Among the records, which lines include "Value"? List them.

▸ Entries supplied:
:::::

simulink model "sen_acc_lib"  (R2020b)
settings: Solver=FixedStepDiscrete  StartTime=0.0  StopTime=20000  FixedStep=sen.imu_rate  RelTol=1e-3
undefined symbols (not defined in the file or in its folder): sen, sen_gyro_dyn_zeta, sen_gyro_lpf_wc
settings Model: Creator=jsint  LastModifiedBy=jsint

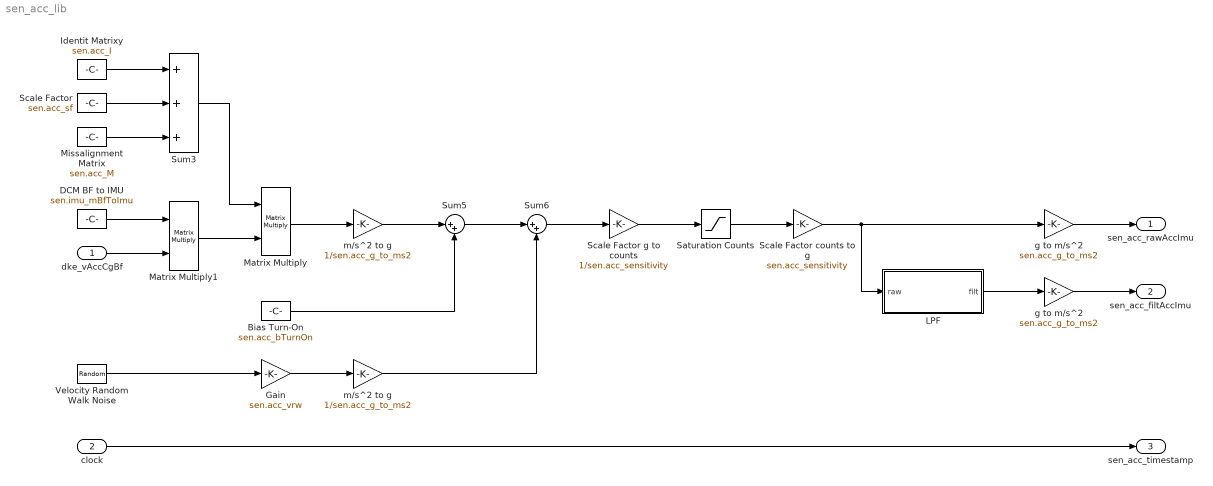
== system sen_acc_lib ==
  dke_vAccCgBf : Inport  OutDataTypeStr=double  Unit=rad/s  PortDimensions=[3,1]
  clock : Inport  Port=2  OutDataTypeStr=double  Unit=s  PortDimensions=[1,1]
  Bias Turn-On : Constant  Value=sen.acc_bTurnOn
  DCM BF to IMU : Constant  Value=sen.imu_mBfToImu
  Gain : Gain  Gain=sen.acc_vrw
  Identit Matrixy : Constant  Value=sen.acc_I
  LPF : Subsystem
  Matrix Multiply : Product  Multiplication=Matrix(*)
  Matrix Multiply1 : Product  Multiplication=Matrix(*)
  Missalignment Matrix : Constant  Value=sen.acc_M
  "Saturation Counts " : Saturate  UpperLimit=2^23  LowerLimit=-2^23
  Scale Factor : Constant  Value=sen.acc_sf
  Scale Factor counts to g : Gain  Gain=sen.acc_sensitivity
  Scale Factor g to counts : Gain  Gain=1/sen.acc_sensitivity
  Sum3 : Sum  Inputs=+++
  Sum5 : Sum  Inputs=|++
  Sum6 : Sum  Inputs=|++
  Velocity Random Walk Noise : RandomNumber  Seed=sen.acc_vrw_seed  SampleTime=sen.imu_rate
  g to m/s^2 : Gain  Gain=sen.acc_g_to_ms2
  "g to m/s^2 " : Gain  Gain=sen.acc_g_to_ms2
  m/s^2 to g : Gain  Gain=1/sen.acc_g_to_ms2
  "m/s^2 to g " : Gain  Gain=1/sen.acc_g_to_ms2
  sen_acc_rawAccImu : Outport  OutDataTypeStr=double  Unit=rad  PortDimensions=[3,1]
  sen_acc_filtAccImu : Outport  Port=2  OutDataTypeStr=double  Unit=rad  PortDimensions=[3,1]
  sen_acc_timestamp : Outport  Port=3  OutDataTypeStr=double  Unit=s  PortDimensions=[1,1]
  wires:
  Missalignment Matrix/1 -> Sum3/3
  Identit Matrixy/1 -> Sum3/1
  "Saturation Counts "/1 -> Scale Factor counts to g/1
  Gain/1 -> "m/s^2 to g "/1
  Velocity Random Walk Noise/1 -> Gain/1
  Sum5/1 -> Sum6/1
  Scale Factor g to counts/1 -> "Saturation Counts "/1
  Scale Factor/1 -> Sum3/2
  Sum3/1 -> Matrix Multiply/1
  Bias Turn-On/1 -> Sum5/2
  LPF/1(filt) -> "g to m/s^2 "/1
  clock/1 -> sen_acc_timestamp/1
  Matrix Multiply1/1 -> Matrix Multiply/2
  dke_vAccCgBf/1 -> Matrix Multiply1/2
  DCM BF to IMU/1 -> Matrix Multiply1/1
  Sum6/1 -> Scale Factor g to counts/1
  Scale Factor counts to g/1 -> g to m/s^2/1, LPF/1(raw)
  m/s^2 to g/1 -> Sum5/1
  Matrix Multiply/1 -> m/s^2 to g/1
  g to m/s^2/1 -> sen_acc_rawAccImu/1
  "g to m/s^2 "/1 -> sen_acc_filtAccImu/1
  "m/s^2 to g "/1 -> Sum6/2

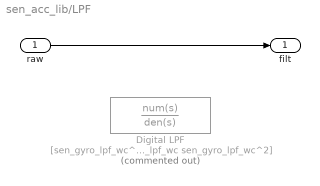
== system sen_acc_lib/LPF ==
  raw : Inport
  "Digital LPF " : TransferFcn  Commented=on  Numerator=[sen_gyro_lpf_wc^2]  Denominator=[1 2*sen_gyro_dyn_zeta*sen_gyro_lpf_wc sen_gyro_lpf_wc^2]
  filt : Outport
  wires:
  raw/1 -> filt/1

:::::

▸ Output for this task:
  Bias Turn-On : Constant  Value=sen.acc_bTurnOn
  DCM BF to IMU : Constant  Value=sen.imu_mBfToImu
  Identit Matrixy : Constant  Value=sen.acc_I
  Missalignment Matrix : Constant  Value=sen.acc_M
  Scale Factor : Constant  Value=sen.acc_sf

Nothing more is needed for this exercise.